Carlos : Nous avons aussi dû adapter notre relations en tant qu’amis dans le groupe car nous étions tout le temps les uns sur les autres. Chacun était tour à tour celui qui empêchait l’autre de dormir. Lorsqu’un groupe se met à avoir du succès, ses membres deviennent dépendants les uns des autres pour gagner leur vie. Nous sommes des associés en quelque sorte et ce n’est pas toujours facile de mêler cela à l’amitié. Nous n’avons pas envie de penser à Fontaines D.C. de cette façon, mais c’est la réalité. Le groupe, les albums, les concerts sont notre source de revenus. S’adapter à toutes ces nouvelles dynamiques qui régissent nos relations est un défi. 

Conor : Il n’y a plus aucune barrière entre nous.

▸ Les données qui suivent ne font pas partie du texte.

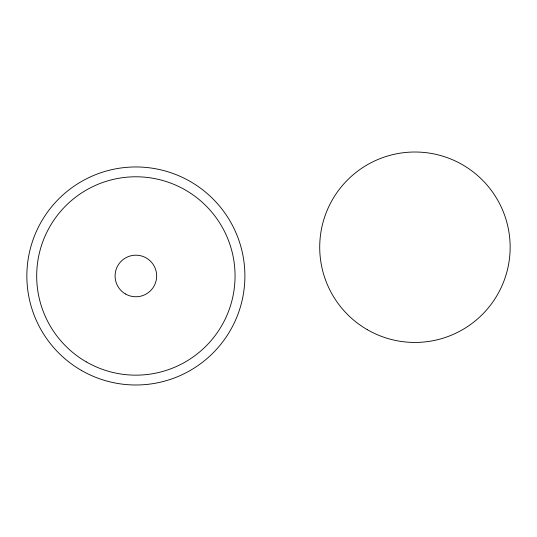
<?xml version="1.0" encoding="UTF-8"?>
<svg xmlns="http://www.w3.org/2000/svg" width="537" height="537" viewBox="0 0 537 537"><rect width="100%" height="100%" fill="white"/><g stroke="black" fill="none" stroke-linecap="round" stroke-linejoin="round"><path stroke-width="0.81" d="M367.321 329.691A95.224 95.224 0 0 0 510.15 247.228A95.224 95.224 0 0 0 367.321 164.765A95.224 95.224 0 0 0 367.321 329.691M81.362 370.389A109.024 109.024 0 0 0 244.892 275.971A109.024 109.024 0 0 0 81.362 181.56A109.024 109.024 0 0 0 81.362 370.389M86.276 361.871A99.191 99.191 0 0 0 235.058 275.971A99.191 99.191 0 0 0 86.276 190.071A99.191 99.191 0 0 0 86.276 361.871M125.477 293.981A20.795 20.795 0 0 0 156.663 275.971A20.795 20.795 0 0 0 125.477 257.968A20.795 20.795 0 0 0 125.477 293.981"/></g></svg>

Nous nous voyons tout le temps et donc dans tous les états, quand nous sommes très heureux ou très tristes. Nous vivons tous la même chose pendant de longues périodes et n’avons donc pas forcément de sujets de conversation. C’est pourquoi nous sommes ravis de passer du temps séparés, lorsque nous avons des pauses. Les retrouvailles n’en sont que plus agréables.

LVP :  Quel est le sujet dont vous aimeriez parler à propos de votre musique, mais que personne n’aborde jamais ? S’il y en a un.

Conor : Avec A Hero’s Death je trouve que les gens parlent de notre musique d’une façon presque parfaite. Ce n’était pas le cas avec Dogrel, qui était davantage d’un seul trait. Cela poussait parfois les gens à ne pas nous voir en entier tels que nous le sommes, comme musiciens tout du moins. Ce n’est plus le cas aujourd’hui et c’est très satisfaisant.

Carlos : Je suis d’accord, notre nouvel album nous représente en trois dimensions et je suis content que l’on montre cela aux gens. Les gens voient notre musique sous tous les angles et c’est bien plus valorisant. Il y a toujours beaucoup à faire et nous voulons continuer de nous développer en tant qu’artistes et présenter des choses nouvelles, que les gens n’attendent pas de nous. Nous avons fait tellement d’interviews que j’ai l’impression que nous avons vraiment tout dit (rires).